Assignment 3, due November 23, 5% of class score

Instructions

Submit through OWL by the midnight of the due date
You may discuss the assignment with other students, but all code/report must be your own work
Assignment is to be done in Matlab
Deliverables: matlab code that you write yourself, and assignment write-up
Submit 2 files for your assignment: a pdf file with the report, and the code you wrote yourself (and only the code you wrote yourself) in one zipped file.
Indoor scene classification data for the assignment. There are ten different scene classes. Each scene class is in its own subdirectory. Each subdirectory contains 100 scenes (examples).
Use 80 samples for training 20 for testing.
Use the feature vector which is a combination of all feature vectors from assignment 1.
Useful matlab commands: predict, resubLoss, templateTree, fitensemble, kfoldLoss

Problem 1 (50%):
Use a bagged tree classifier, in matlab 'fitensemble' with options 'Bag', 'type','classification'. First use cross validation on the training data to select good values for the tree size, and the number of trees. Cross validation can be envoked with option 'kfold' in 'fitensemble'. I suggest using 5-fold cross validation. Trees of different sizes can be built with option 'MaxNumSplits' in 'templateTree' function. Use values 1,5,10, and 20 for 'MaxNumSplits'. For the number of trees, try values from 1 to 50. If you run cross-validation separately for numTrees = 1,2,...,50, it will take too long. Run 'fitensemble' with 'maxNumTrees' set to 50. You will get a cross-validated classifier 'ens'. Then use loss = kfoldLoss(ens,'mode','cumulative'). The 'cumulative' mode will tell you the loss (loss is just another name for error) for numTrees = 1,2,....,50. This saves a lot of time. On the same graph, plot number of trees vs. loss for each difreent tree type (i.e for 'MaxNumSplits' = 1,5,10,20) in different color. Discuss the plot.
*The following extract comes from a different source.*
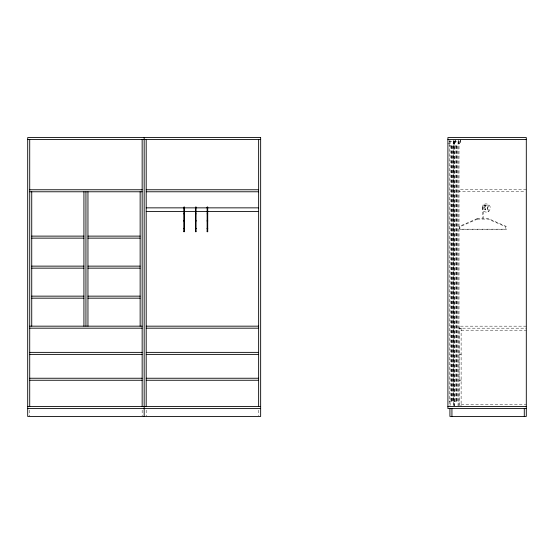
<?xml version="1.0" encoding="UTF-8"?>
<svg xmlns="http://www.w3.org/2000/svg" width="554" height="554" viewBox="0 0 554 554"><rect width="100%" height="100%" fill="white"/><g stroke="black" fill="none" stroke-linecap="round" stroke-linejoin="round"><path stroke-width="0.42" stroke-dasharray="2.77 2.08" d="M453.193 143.278L453.837 143.278L453.837 139.92M458.47 143.278L459.114 143.278L459.114 139.58M447.909 143.548L450.118 143.548M449.225 145.937L458.982 145.937M526.3 189.759L459.1 189.759L459.1 191.774L525.441 191.774M526.3 326.168L459.1 326.168L459.1 328.183L526.3 328.183M461.122 328.515L459.1 328.515L459.1 354.054L461.122 354.054M461.122 330.198L526.3 330.198M461.122 354.387L459.1 354.387L459.1 379.926L461.122 379.926M461.122 380.259L459.1 380.259L459.1 405.791L461.122 405.791M449.225 401.608L458.982 401.608M461.122 404.559L526.3 404.559M461.122 328.183L461.122 406.581M460.679 139.58L460.679 143.548L458.463 143.548L458.47 139.92M460.353 139.94L460.353 143.548M459.01 405.978L459.01 141.568L449.19 141.568L449.19 405.978M458.788 139.92L458.788 143.548M458.054 141.568L458.054 405.978M457.133 145.937L457.133 401.608M456.586 145.937L456.586 401.608M456.233 145.937L456.233 401.608M455.693 145.937L455.693 401.608M455.402 139.94L455.402 143.548L453.186 143.548L453.186 140.661M455.069 139.94L455.069 143.548M454.661 141.568L454.661 405.978M454.502 141.568L454.502 405.978M453.705 141.568L453.705 405.978M453.574 145.937L453.574 401.608M453.511 139.92L453.546 405.978M452.618 145.937L452.618 401.608M452.078 145.937L452.078 401.608M451.725 145.937L451.725 401.608M451.178 145.937L451.178 401.608M450.118 140.661L450.146 405.978M449.793 140.377L449.793 143.548M258.635 410.161L258.635 415.652M146.194 410.161L146.194 416.435M142.156 410.161L142.156 416.435M29.715 410.161L29.715 416.435M482.444 206.898C480.754 211.981 489.037 214.557 490.11 209.121C491.8 204.038 483.517 201.462 482.444 206.898M484.584 207.521C486.952 215.7 490.498 201.718 484.584 207.521M477.326 218.532L459.363 226.371L459.363 229.73L506.169 229.73L506.169 226.371L488.212 218.532L483.31 218.532L483.31 205.652L487.665 205.652L487.665 211.815L488.212 211.815L488.212 205.091L482.769 205.091L482.769 218.532L477.326 218.532M477.437 219.093L459.903 226.738L459.903 229.169L505.629 229.169L505.629 226.738L488.102 219.093L477.437 219.093M485.768 205.839L484.244 205.839L484.244 209.426L485.768 209.426L485.768 205.839"/><path stroke-width="0.83" d="M27.7 139.58L260.65 139.58M447.902 139.58L526.3 139.58M29.715 189.759L142.156 189.759M146.194 189.759L258.635 189.759M29.715 191.774L142.156 191.774M146.194 191.774L258.635 191.774M183.81 207.667L184.392 207.667M195.472 207.667L196.054 207.667M207.134 207.667L207.715 207.667M146.194 207.854L258.635 207.854M146.194 211.441L258.635 211.441M183.81 213.83L184.392 213.83M195.472 213.83L196.054 213.83M207.134 213.83L207.715 213.83M183.81 220.547L184.392 220.547M195.472 220.547L196.054 220.547M207.134 220.547L207.715 220.547M183.81 221.108L184.392 221.108M195.472 221.108L196.054 221.108M207.134 221.108L207.715 221.108M183.81 228.387L184.392 228.387M195.472 228.387L196.054 228.387M207.134 228.387L207.715 228.387M183.81 228.76L184.392 228.76M195.472 228.76L196.054 228.76M207.134 228.76L207.715 228.76M183.81 231.184L184.392 231.184M195.472 231.184L196.054 231.184M207.134 231.184L207.715 231.184M31.73 236.122L83.924 236.122M87.954 236.122L140.141 236.122M31.73 238.137L83.924 238.137M87.954 238.137L140.141 238.137M31.73 266.135L83.924 266.135M87.954 266.135L140.141 266.135M31.73 268.15L83.924 268.15M87.954 268.15L140.141 268.15M31.73 296.148L83.924 296.148M87.954 296.148L140.141 296.148M31.73 298.17L83.924 298.17M87.954 298.17L140.141 298.17M29.715 326.168L142.156 326.168M146.194 326.168L258.635 326.168M29.715 328.183L142.156 328.183M146.194 328.183L258.635 328.183M29.715 352.372L142.156 352.372M146.194 352.372L258.635 352.372M29.715 354.387L142.156 354.387M146.194 354.387L258.635 354.387M29.715 378.244L142.156 378.244M146.194 378.244L258.635 378.244M29.715 380.259L142.156 380.259M146.194 380.259L258.635 380.259M27.7 406.581L260.65 406.581M447.902 406.581L526.3 406.581M27.7 408.596L260.65 408.596M526.3 408.596L447.902 408.596L447.902 137.565L526.3 137.565L526.3 416.435L449.917 416.435L449.917 408.596M524.285 408.596L524.285 416.435M451.932 408.596L451.932 416.435M258.635 139.58L258.635 406.581M146.194 139.58L146.194 406.581M144.172 137.565L144.172 416.435M142.156 139.58L142.156 406.581M140.141 191.774L140.141 326.168M87.954 191.774L87.954 326.168M85.939 191.774L85.939 326.168M83.924 191.774L83.924 326.168M31.73 191.774L31.73 326.168M29.715 139.58L29.715 406.581M260.65 137.565L27.7 137.565L27.7 416.435L260.65 416.435L260.65 137.565M184.392 207.106L183.81 207.106L183.81 231.745L184.392 231.745L184.392 207.106M196.054 207.106L195.472 207.106L195.472 231.745L196.054 231.745L196.054 207.106M207.715 207.106L207.134 207.106L207.134 231.745L207.715 231.745L207.715 207.106"/></g></svg>

Now retrain bagged classifier on all training data with maxNumTrees and MaxNumSplits giving the smallest error. Report and discuss the cross validation, training and the test errors.
Problem 2 (20%):
Repeat problem 1 now with adaboost, option 'AdaBoostM2' in 'fitensemble'. You should report all the same errors/plots as for Problem 1. It is interesting to plot cross validation errors on the same plot as that in problem 1, to compare boosting and bagging.Discus difference in performance from Problem 1.
Problem 3 (20%):
This problem explores the relationship beteen cross validation, training, and test errors. Choose 'MaxNumSplits' > 5, 'MaxNumTrees' > 100, and find cumulative cross-validation error (with folds > 4) with an ensemble classifier (either 'bag' or 'AdaBoost'). Then re-train classifier on all training data, and find cumulative training and test errors. Plot cross-validation, training, and test errors vs. number of trees on the same plot with different colros. Discuss your plot.
Problem 4 (20%):
Try to develop a bagged or boosted classifier that peforms better than those you developedin the previous problems. Report cross validation, training, and test errors. Explain what you did. Things you can try: add more features, use larger trees, use more trees, etc.